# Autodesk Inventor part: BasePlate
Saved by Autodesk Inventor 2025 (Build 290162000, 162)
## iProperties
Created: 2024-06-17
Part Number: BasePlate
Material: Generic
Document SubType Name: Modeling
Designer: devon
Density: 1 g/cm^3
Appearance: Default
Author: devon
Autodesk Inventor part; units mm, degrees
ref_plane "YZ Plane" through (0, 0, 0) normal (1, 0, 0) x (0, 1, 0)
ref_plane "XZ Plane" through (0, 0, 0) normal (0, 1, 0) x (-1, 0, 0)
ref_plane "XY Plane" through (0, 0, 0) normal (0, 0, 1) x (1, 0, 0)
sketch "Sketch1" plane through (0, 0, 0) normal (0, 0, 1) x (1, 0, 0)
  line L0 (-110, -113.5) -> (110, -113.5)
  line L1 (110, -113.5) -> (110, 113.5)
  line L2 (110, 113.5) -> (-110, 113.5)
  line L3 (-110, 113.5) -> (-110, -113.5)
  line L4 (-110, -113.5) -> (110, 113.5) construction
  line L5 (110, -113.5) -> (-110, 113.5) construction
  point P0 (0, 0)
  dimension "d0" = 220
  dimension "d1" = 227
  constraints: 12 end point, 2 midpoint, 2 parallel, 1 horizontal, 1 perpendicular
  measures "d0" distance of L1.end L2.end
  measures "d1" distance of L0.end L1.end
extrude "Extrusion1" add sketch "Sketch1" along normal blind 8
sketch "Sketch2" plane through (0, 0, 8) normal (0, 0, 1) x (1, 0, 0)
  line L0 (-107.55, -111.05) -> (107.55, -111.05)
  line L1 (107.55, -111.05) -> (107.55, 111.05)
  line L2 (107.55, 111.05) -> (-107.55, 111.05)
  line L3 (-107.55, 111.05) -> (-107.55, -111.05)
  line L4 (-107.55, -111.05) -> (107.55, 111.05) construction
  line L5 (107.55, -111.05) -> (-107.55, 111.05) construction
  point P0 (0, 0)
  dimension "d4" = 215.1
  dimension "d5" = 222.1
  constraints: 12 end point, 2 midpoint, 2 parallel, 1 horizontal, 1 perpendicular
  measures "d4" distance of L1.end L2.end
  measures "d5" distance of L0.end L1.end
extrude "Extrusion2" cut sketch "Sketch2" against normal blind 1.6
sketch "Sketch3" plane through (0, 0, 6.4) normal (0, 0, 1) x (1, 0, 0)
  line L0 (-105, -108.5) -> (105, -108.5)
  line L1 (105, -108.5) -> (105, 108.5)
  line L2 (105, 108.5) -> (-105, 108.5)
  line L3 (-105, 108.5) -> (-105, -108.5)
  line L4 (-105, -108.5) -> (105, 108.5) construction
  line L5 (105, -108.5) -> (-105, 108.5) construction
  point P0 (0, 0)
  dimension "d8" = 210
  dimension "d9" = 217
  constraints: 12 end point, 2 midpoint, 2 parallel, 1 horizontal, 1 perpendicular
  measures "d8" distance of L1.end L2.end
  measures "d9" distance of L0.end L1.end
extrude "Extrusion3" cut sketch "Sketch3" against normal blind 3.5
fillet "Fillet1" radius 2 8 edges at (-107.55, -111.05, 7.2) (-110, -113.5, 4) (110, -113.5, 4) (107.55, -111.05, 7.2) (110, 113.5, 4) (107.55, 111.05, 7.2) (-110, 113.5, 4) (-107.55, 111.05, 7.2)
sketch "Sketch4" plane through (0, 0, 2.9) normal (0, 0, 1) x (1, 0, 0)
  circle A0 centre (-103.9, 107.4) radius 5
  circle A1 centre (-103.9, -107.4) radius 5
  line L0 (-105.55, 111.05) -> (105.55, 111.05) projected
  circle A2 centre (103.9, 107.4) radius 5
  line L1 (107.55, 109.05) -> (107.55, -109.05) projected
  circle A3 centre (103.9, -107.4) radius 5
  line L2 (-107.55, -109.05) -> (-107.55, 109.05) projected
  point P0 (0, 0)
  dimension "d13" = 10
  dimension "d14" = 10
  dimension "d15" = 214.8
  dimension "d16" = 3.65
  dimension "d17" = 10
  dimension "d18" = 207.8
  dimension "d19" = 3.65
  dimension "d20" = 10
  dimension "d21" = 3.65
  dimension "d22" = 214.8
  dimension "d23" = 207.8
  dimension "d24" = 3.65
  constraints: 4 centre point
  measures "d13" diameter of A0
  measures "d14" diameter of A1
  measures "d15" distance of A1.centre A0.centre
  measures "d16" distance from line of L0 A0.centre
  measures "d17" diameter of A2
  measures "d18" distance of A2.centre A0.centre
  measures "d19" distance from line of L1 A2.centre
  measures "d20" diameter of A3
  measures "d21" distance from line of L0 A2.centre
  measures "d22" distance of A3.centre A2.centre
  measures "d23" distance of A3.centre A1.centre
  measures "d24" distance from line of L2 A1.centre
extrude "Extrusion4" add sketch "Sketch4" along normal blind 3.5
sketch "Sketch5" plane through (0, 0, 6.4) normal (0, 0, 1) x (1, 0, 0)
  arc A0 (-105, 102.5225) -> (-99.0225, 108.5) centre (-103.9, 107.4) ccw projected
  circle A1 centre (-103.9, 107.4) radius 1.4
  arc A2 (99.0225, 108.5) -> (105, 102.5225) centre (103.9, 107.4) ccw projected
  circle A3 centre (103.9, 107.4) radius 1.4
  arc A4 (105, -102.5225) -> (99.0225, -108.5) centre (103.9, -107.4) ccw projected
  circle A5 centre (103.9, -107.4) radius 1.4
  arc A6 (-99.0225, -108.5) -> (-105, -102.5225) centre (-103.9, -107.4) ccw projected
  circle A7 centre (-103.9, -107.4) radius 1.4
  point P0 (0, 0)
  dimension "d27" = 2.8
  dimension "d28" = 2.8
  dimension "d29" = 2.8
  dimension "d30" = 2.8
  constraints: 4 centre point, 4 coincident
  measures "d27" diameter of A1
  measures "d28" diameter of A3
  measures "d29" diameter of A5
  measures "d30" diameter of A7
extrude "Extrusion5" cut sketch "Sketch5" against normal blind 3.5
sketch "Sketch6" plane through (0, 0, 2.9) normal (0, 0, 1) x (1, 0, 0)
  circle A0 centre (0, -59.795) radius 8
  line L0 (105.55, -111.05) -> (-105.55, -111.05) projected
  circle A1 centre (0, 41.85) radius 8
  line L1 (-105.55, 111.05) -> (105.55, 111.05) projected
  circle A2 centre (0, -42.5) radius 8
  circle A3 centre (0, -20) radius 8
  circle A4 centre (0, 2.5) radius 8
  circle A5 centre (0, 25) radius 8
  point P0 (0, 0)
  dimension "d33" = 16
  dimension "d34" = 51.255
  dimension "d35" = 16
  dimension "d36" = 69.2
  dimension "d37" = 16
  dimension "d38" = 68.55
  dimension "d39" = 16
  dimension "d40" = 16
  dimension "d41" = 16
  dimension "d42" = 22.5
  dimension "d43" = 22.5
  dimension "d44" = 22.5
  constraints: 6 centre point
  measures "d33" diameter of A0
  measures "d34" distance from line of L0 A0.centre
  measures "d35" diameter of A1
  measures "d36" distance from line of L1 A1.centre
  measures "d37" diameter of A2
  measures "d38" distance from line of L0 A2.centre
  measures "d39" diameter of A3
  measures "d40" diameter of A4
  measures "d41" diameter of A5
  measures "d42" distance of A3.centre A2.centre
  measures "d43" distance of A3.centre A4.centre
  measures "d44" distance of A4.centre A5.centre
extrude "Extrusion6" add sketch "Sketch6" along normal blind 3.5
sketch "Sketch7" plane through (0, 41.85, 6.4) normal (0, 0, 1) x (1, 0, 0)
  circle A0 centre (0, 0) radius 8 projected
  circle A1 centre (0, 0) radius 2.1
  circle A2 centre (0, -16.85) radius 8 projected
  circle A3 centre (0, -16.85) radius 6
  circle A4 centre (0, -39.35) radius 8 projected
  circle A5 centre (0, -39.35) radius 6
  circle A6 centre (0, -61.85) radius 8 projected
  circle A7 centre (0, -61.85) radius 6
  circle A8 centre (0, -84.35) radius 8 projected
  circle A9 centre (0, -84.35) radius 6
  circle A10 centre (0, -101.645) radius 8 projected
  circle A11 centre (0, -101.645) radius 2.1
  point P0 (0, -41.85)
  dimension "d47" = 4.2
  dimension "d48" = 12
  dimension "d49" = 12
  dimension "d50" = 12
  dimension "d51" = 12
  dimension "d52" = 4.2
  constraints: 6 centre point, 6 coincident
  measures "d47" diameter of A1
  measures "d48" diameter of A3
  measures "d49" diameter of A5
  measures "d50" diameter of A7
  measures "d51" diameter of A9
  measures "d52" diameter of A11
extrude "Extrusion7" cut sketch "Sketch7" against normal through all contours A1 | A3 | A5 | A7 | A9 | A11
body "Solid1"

*-*-*

■ WORK ORDER ■
Reproduce only the lines above, starting at the line with "line L5 (107.55, -111.05)" and ending at the line with "circle A1 centre (-103.9, -107.4) radius 5", exactly as written.

■ WRITTEN SOLUTION ■
  line L5 (107.55, -111.05) -> (-107.55, 111.05) construction
  point P0 (0, 0)
  dimension "d4" = 215.1
  dimension "d5" = 222.1
  constraints: 12 end point, 2 midpoint, 2 parallel, 1 horizontal, 1 perpendicular
  measures "d4" distance of L1.end L2.end
  measures "d5" distance of L0.end L1.end
extrude "Extrusion2" cut sketch "Sketch2" against normal blind 1.6
sketch "Sketch3" plane through (0, 0, 6.4) normal (0, 0, 1) x (1, 0, 0)
  line L0 (-105, -108.5) -> (105, -108.5)
  line L1 (105, -108.5) -> (105, 108.5)
  line L2 (105, 108.5) -> (-105, 108.5)
  line L3 (-105, 108.5) -> (-105, -108.5)
  line L4 (-105, -108.5) -> (105, 108.5) construction
  line L5 (105, -108.5) -> (-105, 108.5) construction
  point P0 (0, 0)
  dimension "d8" = 210
  dimension "d9" = 217
  constraints: 12 end point, 2 midpoint, 2 parallel, 1 horizontal, 1 perpendicular
  measures "d8" distance of L1.end L2.end
  measures "d9" distance of L0.end L1.end
extrude "Extrusion3" cut sketch "Sketch3" against normal blind 3.5
fillet "Fillet1" radius 2 8 edges at (-107.55, -111.05, 7.2) (-110, -113.5, 4) (110, -113.5, 4) (107.55, -111.05, 7.2) (110, 113.5, 4) (107.55, 111.05, 7.2) (-110, 113.5, 4) (-107.55, 111.05, 7.2)
sketch "Sketch4" plane through (0, 0, 2.9) normal (0, 0, 1) x (1, 0, 0)
  circle A0 centre (-103.9, 107.4) radius 5
  circle A1 centre (-103.9, -107.4) radius 5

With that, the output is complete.